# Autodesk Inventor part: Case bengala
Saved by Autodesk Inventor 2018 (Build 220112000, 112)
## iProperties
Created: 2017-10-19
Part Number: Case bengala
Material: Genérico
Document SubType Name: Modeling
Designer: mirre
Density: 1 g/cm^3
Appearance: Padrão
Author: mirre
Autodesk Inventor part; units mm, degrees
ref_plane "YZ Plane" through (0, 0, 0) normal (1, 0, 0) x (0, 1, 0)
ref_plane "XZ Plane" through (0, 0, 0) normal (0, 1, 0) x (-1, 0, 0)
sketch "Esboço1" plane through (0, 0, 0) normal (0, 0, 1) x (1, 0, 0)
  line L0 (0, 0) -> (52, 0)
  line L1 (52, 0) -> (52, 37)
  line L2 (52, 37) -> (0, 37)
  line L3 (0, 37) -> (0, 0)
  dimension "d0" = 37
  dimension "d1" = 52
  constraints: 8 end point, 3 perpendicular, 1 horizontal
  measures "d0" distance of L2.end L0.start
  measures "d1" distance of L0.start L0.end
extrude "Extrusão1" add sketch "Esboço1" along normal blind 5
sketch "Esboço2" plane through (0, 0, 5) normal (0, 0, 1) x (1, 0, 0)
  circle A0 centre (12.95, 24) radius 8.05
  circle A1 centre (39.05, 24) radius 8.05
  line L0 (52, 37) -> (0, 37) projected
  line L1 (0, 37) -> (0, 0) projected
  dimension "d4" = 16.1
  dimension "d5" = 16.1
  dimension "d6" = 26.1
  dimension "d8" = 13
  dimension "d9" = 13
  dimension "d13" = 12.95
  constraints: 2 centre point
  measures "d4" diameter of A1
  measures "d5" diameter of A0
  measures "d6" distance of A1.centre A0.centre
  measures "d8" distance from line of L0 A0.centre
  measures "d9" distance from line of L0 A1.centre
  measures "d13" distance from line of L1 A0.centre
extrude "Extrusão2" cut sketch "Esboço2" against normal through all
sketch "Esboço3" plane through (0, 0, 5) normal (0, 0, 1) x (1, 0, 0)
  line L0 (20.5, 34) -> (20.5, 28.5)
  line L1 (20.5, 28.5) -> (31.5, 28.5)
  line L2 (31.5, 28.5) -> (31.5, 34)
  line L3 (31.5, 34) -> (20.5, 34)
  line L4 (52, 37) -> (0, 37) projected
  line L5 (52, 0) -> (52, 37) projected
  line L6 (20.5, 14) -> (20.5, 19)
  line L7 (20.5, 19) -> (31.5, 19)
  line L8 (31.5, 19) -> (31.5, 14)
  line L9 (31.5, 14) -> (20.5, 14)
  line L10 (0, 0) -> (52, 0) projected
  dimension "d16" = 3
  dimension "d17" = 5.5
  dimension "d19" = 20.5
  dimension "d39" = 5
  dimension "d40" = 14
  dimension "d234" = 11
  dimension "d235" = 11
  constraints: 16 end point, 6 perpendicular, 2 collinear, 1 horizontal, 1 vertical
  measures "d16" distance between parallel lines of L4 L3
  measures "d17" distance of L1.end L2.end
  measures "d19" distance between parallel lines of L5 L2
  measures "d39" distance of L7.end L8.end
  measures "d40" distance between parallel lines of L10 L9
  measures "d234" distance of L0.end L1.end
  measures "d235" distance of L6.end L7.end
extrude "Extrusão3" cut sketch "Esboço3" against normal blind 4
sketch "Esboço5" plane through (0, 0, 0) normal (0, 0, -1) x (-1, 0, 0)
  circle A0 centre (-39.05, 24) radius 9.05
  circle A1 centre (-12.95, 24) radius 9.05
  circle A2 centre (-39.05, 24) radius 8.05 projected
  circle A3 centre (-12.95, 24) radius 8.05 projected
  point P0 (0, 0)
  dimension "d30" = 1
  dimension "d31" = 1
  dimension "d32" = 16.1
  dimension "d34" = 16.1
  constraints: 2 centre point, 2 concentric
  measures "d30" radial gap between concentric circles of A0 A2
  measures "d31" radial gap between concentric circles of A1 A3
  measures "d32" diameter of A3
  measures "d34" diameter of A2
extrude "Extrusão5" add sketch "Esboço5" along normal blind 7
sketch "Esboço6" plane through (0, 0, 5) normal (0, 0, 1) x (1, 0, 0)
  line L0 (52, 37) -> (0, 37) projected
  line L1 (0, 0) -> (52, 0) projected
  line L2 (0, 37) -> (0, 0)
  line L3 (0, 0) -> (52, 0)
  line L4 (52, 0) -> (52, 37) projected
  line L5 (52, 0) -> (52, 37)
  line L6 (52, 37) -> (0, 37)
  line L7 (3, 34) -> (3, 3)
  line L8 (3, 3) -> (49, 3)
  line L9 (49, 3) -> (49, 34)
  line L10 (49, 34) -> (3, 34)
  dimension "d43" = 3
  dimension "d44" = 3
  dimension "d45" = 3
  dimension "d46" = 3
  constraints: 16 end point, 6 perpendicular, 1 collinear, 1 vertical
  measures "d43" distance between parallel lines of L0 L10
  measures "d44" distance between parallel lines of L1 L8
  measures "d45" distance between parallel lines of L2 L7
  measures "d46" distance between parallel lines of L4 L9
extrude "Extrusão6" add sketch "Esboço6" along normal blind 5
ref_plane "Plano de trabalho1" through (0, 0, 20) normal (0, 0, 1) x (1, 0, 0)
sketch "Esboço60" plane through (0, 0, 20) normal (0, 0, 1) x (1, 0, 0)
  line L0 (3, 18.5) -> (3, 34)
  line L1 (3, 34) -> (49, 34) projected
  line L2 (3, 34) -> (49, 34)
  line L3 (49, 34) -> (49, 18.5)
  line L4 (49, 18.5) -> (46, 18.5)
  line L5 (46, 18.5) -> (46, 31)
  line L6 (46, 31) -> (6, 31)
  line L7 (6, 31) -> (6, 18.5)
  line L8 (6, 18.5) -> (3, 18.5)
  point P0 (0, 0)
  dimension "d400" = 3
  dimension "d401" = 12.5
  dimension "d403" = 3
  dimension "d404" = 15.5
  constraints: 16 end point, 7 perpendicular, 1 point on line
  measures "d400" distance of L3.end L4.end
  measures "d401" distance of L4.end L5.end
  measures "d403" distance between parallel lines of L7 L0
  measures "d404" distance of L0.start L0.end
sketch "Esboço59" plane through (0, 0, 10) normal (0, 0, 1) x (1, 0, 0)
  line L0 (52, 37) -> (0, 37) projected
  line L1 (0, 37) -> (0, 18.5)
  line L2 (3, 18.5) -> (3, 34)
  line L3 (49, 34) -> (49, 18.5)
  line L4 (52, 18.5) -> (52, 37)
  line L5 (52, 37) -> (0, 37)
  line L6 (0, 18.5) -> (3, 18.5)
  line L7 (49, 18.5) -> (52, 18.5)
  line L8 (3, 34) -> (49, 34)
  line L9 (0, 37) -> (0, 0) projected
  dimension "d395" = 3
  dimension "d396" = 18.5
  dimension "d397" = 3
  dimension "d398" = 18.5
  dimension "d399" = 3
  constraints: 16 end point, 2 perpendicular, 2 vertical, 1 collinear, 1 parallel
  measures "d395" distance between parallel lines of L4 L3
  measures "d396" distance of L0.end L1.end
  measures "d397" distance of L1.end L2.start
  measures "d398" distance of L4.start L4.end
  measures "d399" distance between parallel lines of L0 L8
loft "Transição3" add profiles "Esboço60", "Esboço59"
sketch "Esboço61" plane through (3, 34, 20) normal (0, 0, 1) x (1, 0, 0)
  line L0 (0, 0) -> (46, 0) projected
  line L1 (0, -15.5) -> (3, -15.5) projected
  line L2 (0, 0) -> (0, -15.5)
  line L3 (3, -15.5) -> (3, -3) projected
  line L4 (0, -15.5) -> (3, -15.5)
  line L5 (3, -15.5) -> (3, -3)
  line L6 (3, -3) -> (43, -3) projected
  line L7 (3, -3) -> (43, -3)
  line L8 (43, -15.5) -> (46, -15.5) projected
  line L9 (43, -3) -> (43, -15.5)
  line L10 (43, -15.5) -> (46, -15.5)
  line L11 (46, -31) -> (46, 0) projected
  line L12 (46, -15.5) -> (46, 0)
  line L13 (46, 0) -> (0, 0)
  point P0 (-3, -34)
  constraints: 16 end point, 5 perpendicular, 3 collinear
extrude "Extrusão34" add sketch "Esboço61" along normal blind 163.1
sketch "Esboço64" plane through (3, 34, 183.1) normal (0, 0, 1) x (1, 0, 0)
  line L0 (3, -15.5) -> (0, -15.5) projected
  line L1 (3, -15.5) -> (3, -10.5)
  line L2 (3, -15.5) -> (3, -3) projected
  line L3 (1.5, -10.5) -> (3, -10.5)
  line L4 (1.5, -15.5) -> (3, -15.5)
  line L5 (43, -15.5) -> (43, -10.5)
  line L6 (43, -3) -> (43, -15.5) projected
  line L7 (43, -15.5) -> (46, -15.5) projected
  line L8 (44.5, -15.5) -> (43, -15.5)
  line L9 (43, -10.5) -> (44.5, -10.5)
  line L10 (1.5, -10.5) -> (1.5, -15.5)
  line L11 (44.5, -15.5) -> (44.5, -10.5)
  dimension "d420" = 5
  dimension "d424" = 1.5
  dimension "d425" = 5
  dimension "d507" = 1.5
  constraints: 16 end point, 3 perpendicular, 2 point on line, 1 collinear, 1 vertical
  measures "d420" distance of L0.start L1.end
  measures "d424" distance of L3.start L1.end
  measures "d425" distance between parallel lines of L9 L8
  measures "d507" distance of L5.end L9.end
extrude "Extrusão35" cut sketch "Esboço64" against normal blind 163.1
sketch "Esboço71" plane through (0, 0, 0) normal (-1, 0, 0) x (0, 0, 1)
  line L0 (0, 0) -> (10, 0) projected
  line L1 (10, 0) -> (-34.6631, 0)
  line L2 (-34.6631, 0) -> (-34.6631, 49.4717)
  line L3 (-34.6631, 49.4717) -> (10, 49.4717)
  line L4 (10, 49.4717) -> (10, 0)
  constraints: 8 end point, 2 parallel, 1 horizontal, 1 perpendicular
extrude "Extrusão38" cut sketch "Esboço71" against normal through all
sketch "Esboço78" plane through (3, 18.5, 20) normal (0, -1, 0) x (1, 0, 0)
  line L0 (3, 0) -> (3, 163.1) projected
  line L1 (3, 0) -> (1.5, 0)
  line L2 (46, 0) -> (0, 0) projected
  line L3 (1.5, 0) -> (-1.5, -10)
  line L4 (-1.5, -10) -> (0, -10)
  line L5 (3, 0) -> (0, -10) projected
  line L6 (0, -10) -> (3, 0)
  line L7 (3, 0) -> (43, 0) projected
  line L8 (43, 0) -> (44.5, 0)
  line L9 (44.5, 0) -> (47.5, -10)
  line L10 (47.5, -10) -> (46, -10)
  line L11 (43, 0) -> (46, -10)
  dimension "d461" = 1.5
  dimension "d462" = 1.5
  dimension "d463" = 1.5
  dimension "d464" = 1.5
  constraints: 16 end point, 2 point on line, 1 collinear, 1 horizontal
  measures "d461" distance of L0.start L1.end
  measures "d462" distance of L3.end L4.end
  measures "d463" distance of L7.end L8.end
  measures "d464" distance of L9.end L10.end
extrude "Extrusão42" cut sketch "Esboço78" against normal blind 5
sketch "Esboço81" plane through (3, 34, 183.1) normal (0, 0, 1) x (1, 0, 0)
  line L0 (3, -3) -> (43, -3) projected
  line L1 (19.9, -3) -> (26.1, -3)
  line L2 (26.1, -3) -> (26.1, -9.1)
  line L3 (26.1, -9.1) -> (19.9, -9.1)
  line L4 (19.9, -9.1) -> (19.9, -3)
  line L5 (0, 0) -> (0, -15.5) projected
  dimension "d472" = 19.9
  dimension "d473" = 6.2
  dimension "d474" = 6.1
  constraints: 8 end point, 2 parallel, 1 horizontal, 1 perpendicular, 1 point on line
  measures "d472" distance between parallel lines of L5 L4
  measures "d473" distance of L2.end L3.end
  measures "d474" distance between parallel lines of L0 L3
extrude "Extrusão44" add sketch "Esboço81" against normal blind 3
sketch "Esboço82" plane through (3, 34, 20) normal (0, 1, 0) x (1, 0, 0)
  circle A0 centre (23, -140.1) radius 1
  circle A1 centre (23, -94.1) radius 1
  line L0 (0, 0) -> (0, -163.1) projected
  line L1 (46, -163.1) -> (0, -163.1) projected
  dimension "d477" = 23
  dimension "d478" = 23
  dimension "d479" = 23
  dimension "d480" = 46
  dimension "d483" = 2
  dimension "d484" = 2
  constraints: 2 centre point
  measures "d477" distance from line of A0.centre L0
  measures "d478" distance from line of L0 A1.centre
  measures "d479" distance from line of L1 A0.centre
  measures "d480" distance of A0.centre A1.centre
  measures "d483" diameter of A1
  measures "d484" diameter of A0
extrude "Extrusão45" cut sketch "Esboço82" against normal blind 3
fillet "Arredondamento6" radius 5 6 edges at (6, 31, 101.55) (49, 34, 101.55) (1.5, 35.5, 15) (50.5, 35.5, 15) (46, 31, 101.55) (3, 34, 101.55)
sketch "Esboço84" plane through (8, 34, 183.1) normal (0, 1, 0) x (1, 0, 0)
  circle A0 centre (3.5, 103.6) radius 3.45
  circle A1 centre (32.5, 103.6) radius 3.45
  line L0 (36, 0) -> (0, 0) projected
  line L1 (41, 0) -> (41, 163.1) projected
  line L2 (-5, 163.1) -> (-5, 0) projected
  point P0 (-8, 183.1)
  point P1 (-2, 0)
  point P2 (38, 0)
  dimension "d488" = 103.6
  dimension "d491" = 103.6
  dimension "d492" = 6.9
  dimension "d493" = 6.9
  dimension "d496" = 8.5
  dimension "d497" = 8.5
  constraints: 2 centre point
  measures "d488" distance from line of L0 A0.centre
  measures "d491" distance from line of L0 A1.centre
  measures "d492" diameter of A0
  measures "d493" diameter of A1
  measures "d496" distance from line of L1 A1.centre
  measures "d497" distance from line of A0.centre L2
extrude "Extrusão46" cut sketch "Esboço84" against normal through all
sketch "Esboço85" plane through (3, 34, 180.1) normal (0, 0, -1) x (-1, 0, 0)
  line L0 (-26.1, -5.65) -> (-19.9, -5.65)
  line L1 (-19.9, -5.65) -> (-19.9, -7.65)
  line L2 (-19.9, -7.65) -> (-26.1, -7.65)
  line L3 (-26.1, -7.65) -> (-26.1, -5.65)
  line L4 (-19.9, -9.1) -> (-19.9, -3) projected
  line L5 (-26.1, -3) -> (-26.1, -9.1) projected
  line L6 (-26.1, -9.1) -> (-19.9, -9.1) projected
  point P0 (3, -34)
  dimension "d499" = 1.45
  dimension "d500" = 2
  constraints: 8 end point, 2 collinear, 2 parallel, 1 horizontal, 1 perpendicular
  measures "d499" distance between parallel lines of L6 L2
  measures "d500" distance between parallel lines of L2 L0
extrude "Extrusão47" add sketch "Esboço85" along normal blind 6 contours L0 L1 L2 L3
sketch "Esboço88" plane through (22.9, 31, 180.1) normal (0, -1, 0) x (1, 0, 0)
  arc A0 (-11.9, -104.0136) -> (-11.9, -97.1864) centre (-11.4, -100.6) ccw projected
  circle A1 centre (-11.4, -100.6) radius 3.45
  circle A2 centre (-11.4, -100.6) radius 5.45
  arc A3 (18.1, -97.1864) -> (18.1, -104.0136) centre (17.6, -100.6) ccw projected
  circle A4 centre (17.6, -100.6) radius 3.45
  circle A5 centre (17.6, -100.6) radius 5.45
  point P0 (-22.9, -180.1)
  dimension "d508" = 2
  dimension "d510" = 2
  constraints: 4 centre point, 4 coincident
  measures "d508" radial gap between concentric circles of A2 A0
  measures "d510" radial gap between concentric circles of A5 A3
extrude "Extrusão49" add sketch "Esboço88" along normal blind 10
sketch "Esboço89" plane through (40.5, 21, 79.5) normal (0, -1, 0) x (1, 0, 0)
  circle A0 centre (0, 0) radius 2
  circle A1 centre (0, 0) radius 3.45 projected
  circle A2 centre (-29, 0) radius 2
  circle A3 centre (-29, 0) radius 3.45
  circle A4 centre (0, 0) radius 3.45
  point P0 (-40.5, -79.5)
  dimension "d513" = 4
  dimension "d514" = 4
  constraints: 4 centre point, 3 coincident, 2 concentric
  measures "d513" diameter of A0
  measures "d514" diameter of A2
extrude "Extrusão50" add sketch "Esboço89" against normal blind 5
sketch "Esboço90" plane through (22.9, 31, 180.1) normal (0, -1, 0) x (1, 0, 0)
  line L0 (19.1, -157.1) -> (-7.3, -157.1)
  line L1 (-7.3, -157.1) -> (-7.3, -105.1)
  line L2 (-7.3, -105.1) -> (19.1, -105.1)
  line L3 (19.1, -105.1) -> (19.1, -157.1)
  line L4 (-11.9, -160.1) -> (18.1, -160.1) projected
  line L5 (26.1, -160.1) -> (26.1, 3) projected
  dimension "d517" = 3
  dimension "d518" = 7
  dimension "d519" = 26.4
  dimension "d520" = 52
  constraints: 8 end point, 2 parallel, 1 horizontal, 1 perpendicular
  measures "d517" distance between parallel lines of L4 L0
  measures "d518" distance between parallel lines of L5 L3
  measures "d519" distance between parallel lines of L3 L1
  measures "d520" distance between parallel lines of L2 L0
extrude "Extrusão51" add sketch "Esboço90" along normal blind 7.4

----------

- EXERCISE GOAL -
Check all the records above and select each line where the string "diameter" is found.

- TASK SOLUTION -
  measures "d4" diameter of A1
  measures "d5" diameter of A0
  measures "d32" diameter of A3
  measures "d34" diameter of A2
  measures "d483" diameter of A1
  measures "d484" diameter of A0
  measures "d492" diameter of A0
  measures "d493" diameter of A1
  measures "d513" diameter of A0
  measures "d514" diameter of A2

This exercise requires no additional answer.